In the records below, the line with "- D6: footprint" opens the range and the line with "- J32: renamed" closes it; print that range exactly and nothing else.
Extracted data Block Start
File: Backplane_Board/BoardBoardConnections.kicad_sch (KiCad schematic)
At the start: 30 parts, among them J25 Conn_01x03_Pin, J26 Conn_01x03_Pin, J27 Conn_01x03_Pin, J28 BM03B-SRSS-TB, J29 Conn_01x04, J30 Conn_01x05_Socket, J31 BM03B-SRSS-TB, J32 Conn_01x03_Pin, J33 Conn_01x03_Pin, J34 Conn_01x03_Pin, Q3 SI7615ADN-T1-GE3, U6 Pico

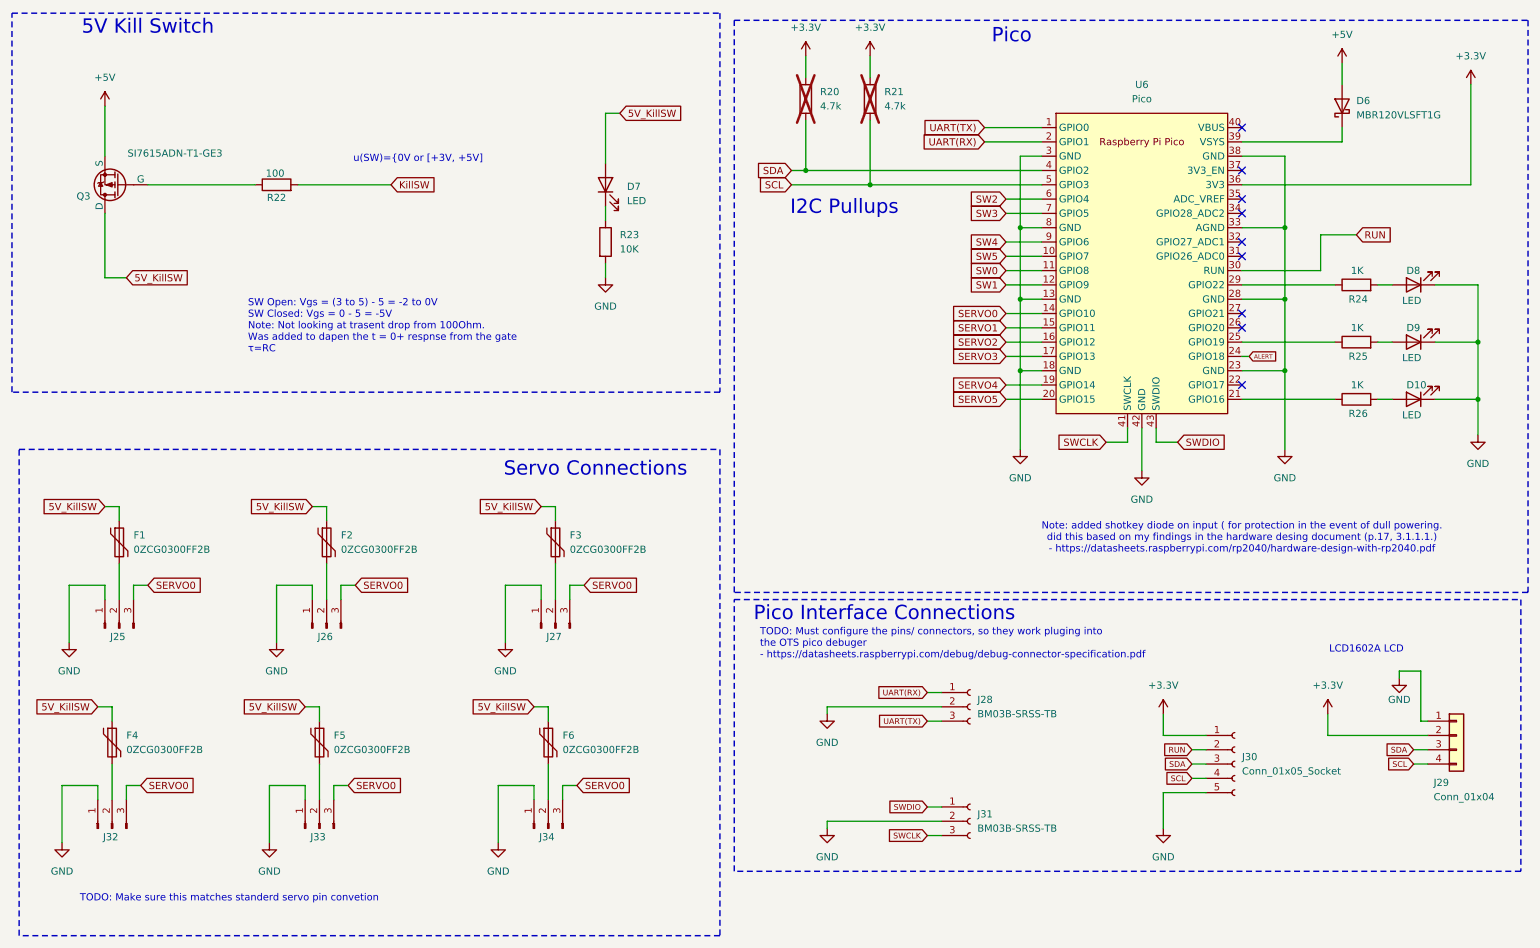
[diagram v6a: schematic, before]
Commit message: adding more footprints
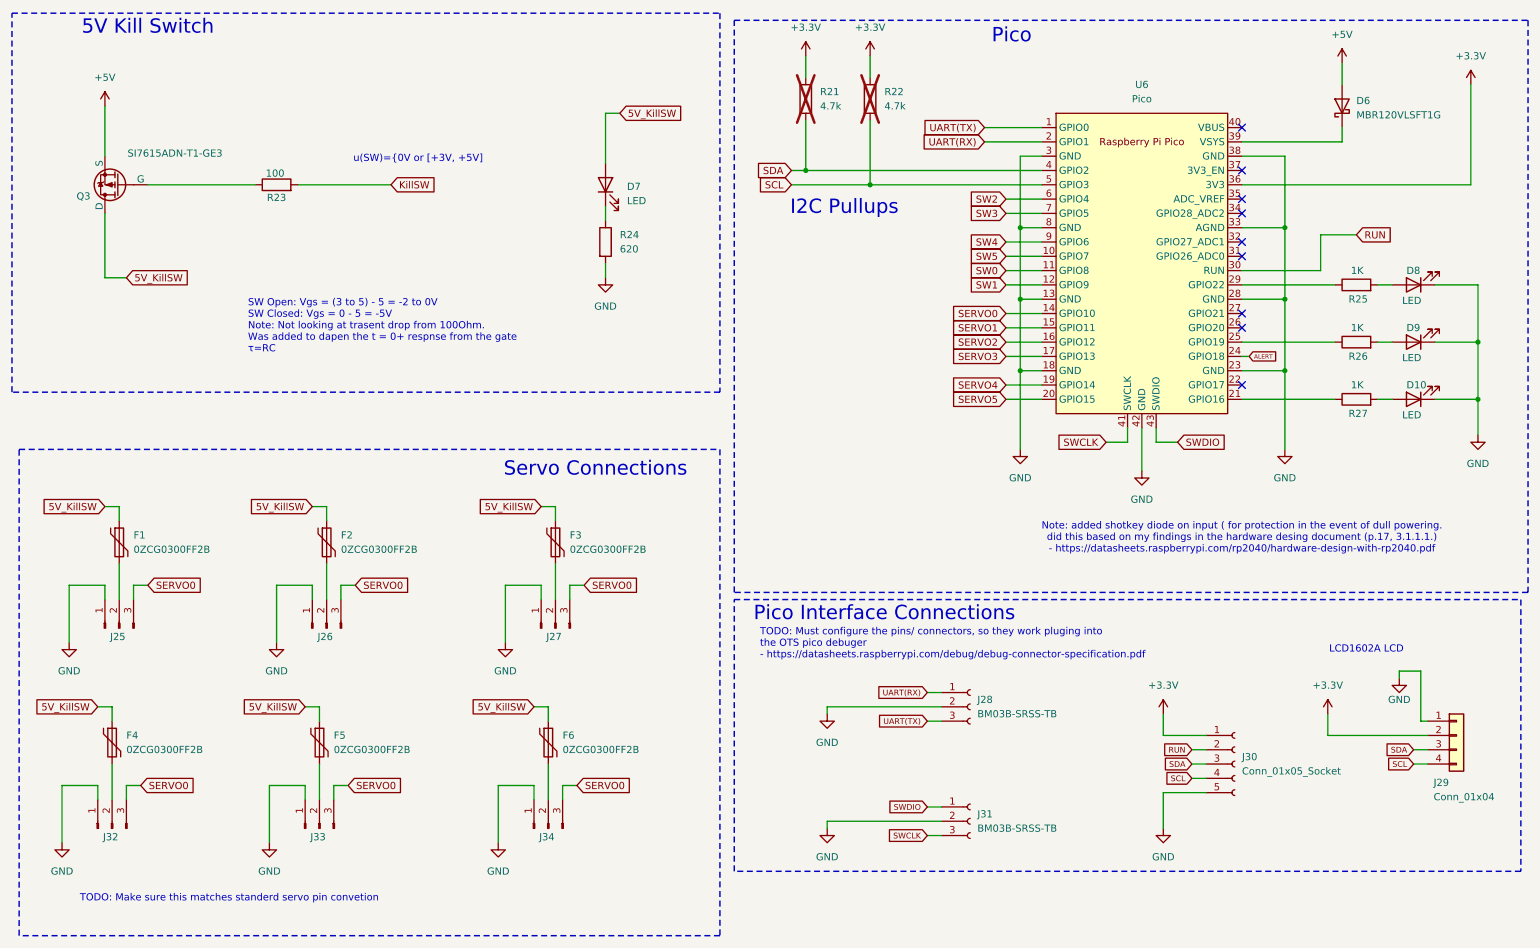
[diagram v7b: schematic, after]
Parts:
- D10, D7, D8, D9: footprint (none) -> LED_SMD:LED_0603_1608Metric
- D6: footprint (none) -> Diode_SMD:D_SOD-123F
- J25, J26, J27, J32, J33, J34: footprint (none) -> TerminalBlock:TerminalBlock_Xinya_XY308-2.54-3P_1x03_P2.54mm_Horizontal
- J29: footprint (none) -> Connector_PinSocket_1.00mm:PinSocket_1x04_P1.00mm_Vertical
- J30: footprint (none) -> Connector_PinHeader_1.00mm:PinHeader_1x05_P1.00mm_Vertical
- R21: renamed from R20; footprint (none) -> Resistor_SMD:R_1206_3216Metric_Pad1.30x1.75mm_HandSolder
- R22: renamed from R21; footprint (none) -> Resistor_SMD:R_1206_3216Metric_Pad1.30x1.75mm_HandSolder
- R23: renamed from R22; footprint (none) -> Resistor_SMD:R_1206_3216Metric_Pad1.30x1.75mm_HandSolder
- R24: renamed from R23; value 10K -> 620; footprint (none) -> Resistor_SMD:R_1206_3216Metric_Pad1.30x1.75mm_HandSolder
- R25: renamed from R24; footprint (none) -> Inductor_SMD:L_1206_3216Metric
- R26: renamed from R25; footprint (none) -> Inductor_SMD:L_1206_3216Metric
- R27: renamed from R26; footprint (none) -> Inductor_SMD:L_1206_3216Metric

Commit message: derat nest ifcation
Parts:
- added JP5: SolderJumper_2_Bridged, Jumper:SolderJumper-2_P1.3mm_Bridged_RoundedPad1.0x1.5mm, symbol Jumper:SolderJumper_2_Bridged
- added R46: 1k, Resistor_SMD:R_0805_2012Metric_Pad1.20x1.40mm_HandSolder, symbol Device:R
- J27: renamed from J25; footprint TerminalBlock:TerminalBlock_Xinya_XY308-2.54-3P_1x03_P2.54mm_Horizontal -> Connector_PinHeader_2.54mm:PinHeader_1x03_P2.54mm_Vertical
- J28: renamed from J26; footprint TerminalBlock:TerminalBlock_Xinya_XY308-2.54-3P_1x03_P2.54mm_Horizontal -> Connector_PinHeader_2.54mm:PinHeader_1x03_P2.54mm_Vertical
- J29: renamed from J27; footprint TerminalBlock:TerminalBlock_Xinya_XY308-2.54-3P_1x03_P2.54mm_Horizontal -> Connector_PinHeader_2.54mm:PinHeader_1x03_P2.54mm_Vertical
- J31: renamed from J29; footprint Connector_PinSocket_1.00mm:PinSocket_1x04_P1.00mm_Vertical -> Connector_Molex:Molex_PicoBlade_53047-0410_1x04_P1.25mm_Vertical
- J32: renamed from J30; footprint Connector_PinHeader_1.00mm:PinHeader_1x05_P1.00mm_Vertical -> Connector_PinSocket_2.54mm:PinSocket_1x05_P2.54mm_Vertical
- J34: renamed from J32; value Conn_01x03_Pin -> Connector_PinHeader_2.54mm:PinHeader_1x03_P2.54mm_Vertical; footprint TerminalBlock:TerminalBlock_Xinya_XY308-2.54-3P_1x03_P2.54mm_Horizontal -> Connector_PinHeader_2.54mm:PinHeader_1x03_P2.54mm_Vertical
- J35: renamed from J33; value Conn_01x03_Pin -> Connector_PinHeader_2.54mm:PinHeader_1x03_P2.54mm_Vertical; footprint TerminalBlock:TerminalBlock_Xinya_XY308-2.54-3P_1x03_P2.54mm_Horizontal -> Connector_PinHeader_2.54mm:PinHeader_1x03_P2.54mm_Vertical
- J36: renamed from J34; footprint TerminalBlock:TerminalBlock_Xinya_XY308-2.54-3P_1x03_P2.54mm_Horizontal -> Connector_PinHeader_2.54mm:PinHeader_1x03_P2.54mm_Vertical
- R23, R24: footprint Resistor_SMD:R_1206_3216Metric_Pad1.30x1.75mm_HandSolder -> Resistor_SMD:R_0805_2012Metric_Pad1.20x1.40mm_HandSolder
- R25, R26, R27: footprint Inductor_SMD:L_1206_3216Metric -> Resistor_SMD:R_0805_2012Metric_Pad1.20x1.40mm_HandSolder
- renumbered J28 to J30, J31 to J33
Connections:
- net +5V: now also R46.2
- net KillSW: now also JP5.2 (B)
- net at R27.1: now also D10.2 (A); no longer U6.21 (GPIO16)
- net at R27.2: now also U6.21 (GPIO16); no longer D10.2 (A)
- net esc_status: now reaches U6.26 (GPIO20)
- net esc_status: now also JP5.1 (A)
- net at Q3.2 (G), R23.1: now also R46.1
- no-connect marks 9 -> 8
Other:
- moved on the sheet: R27
Extracted data Block End
_Result of the exercise_
- D6: footprint (none) -> Diode_SMD:D_SOD-123F
- J25, J26, J27, J32, J33, J34: footprint (none) -> TerminalBlock:TerminalBlock_Xinya_XY308-2.54-3P_1x03_P2.54mm_Horizontal
- J29: footprint (none) -> Connector_PinSocket_1.00mm:PinSocket_1x04_P1.00mm_Vertical
- J30: footprint (none) -> Connector_PinHeader_1.00mm:PinHeader_1x05_P1.00mm_Vertical
- R21: renamed from R20; footprint (none) -> Resistor_SMD:R_1206_3216Metric_Pad1.30x1.75mm_HandSolder
- R22: renamed from R21; footprint (none) -> Resistor_SMD:R_1206_3216Metric_Pad1.30x1.75mm_HandSolder
- R23: renamed from R22; footprint (none) -> Resistor_SMD:R_1206_3216Metric_Pad1.30x1.75mm_HandSolder
- R24: renamed from R23; value 10K -> 620; footprint (none) -> Resistor_SMD:R_1206_3216Metric_Pad1.30x1.75mm_HandSolder
- R25: renamed from R24; footprint (none) -> Inductor_SMD:L_1206_3216Metric
- R26: renamed from R25; footprint (none) -> Inductor_SMD:L_1206_3216Metric
- R27: renamed from R26; footprint (none) -> Inductor_SMD:L_1206_3216Metric

Commit message: derat nest ifcation
Parts:
- added JP5: SolderJumper_2_Bridged, Jumper:SolderJumper-2_P1.3mm_Bridged_RoundedPad1.0x1.5mm, symbol Jumper:SolderJumper_2_Bridged
- added R46: 1k, Resistor_SMD:R_0805_2012Metric_Pad1.20x1.40mm_HandSolder, symbol Device:R
- J27: renamed from J25; footprint TerminalBlock:TerminalBlock_Xinya_XY308-2.54-3P_1x03_P2.54mm_Horizontal -> Connector_PinHeader_2.54mm:PinHeader_1x03_P2.54mm_Vertical
- J28: renamed from J26; footprint TerminalBlock:TerminalBlock_Xinya_XY308-2.54-3P_1x03_P2.54mm_Horizontal -> Connector_PinHeader_2.54mm:PinHeader_1x03_P2.54mm_Vertical
- J29: renamed from J27; footprint TerminalBlock:TerminalBlock_Xinya_XY308-2.54-3P_1x03_P2.54mm_Horizontal -> Connector_PinHeader_2.54mm:PinHeader_1x03_P2.54mm_Vertical
- J31: renamed from J29; footprint Connector_PinSocket_1.00mm:PinSocket_1x04_P1.00mm_Vertical -> Connector_Molex:Molex_PicoBlade_53047-0410_1x04_P1.25mm_Vertical
- J32: renamed from J30; footprint Connector_PinHeader_1.00mm:PinHeader_1x05_P1.00mm_Vertical -> Connector_PinSocket_2.54mm:PinSocket_1x05_P2.54mm_Vertical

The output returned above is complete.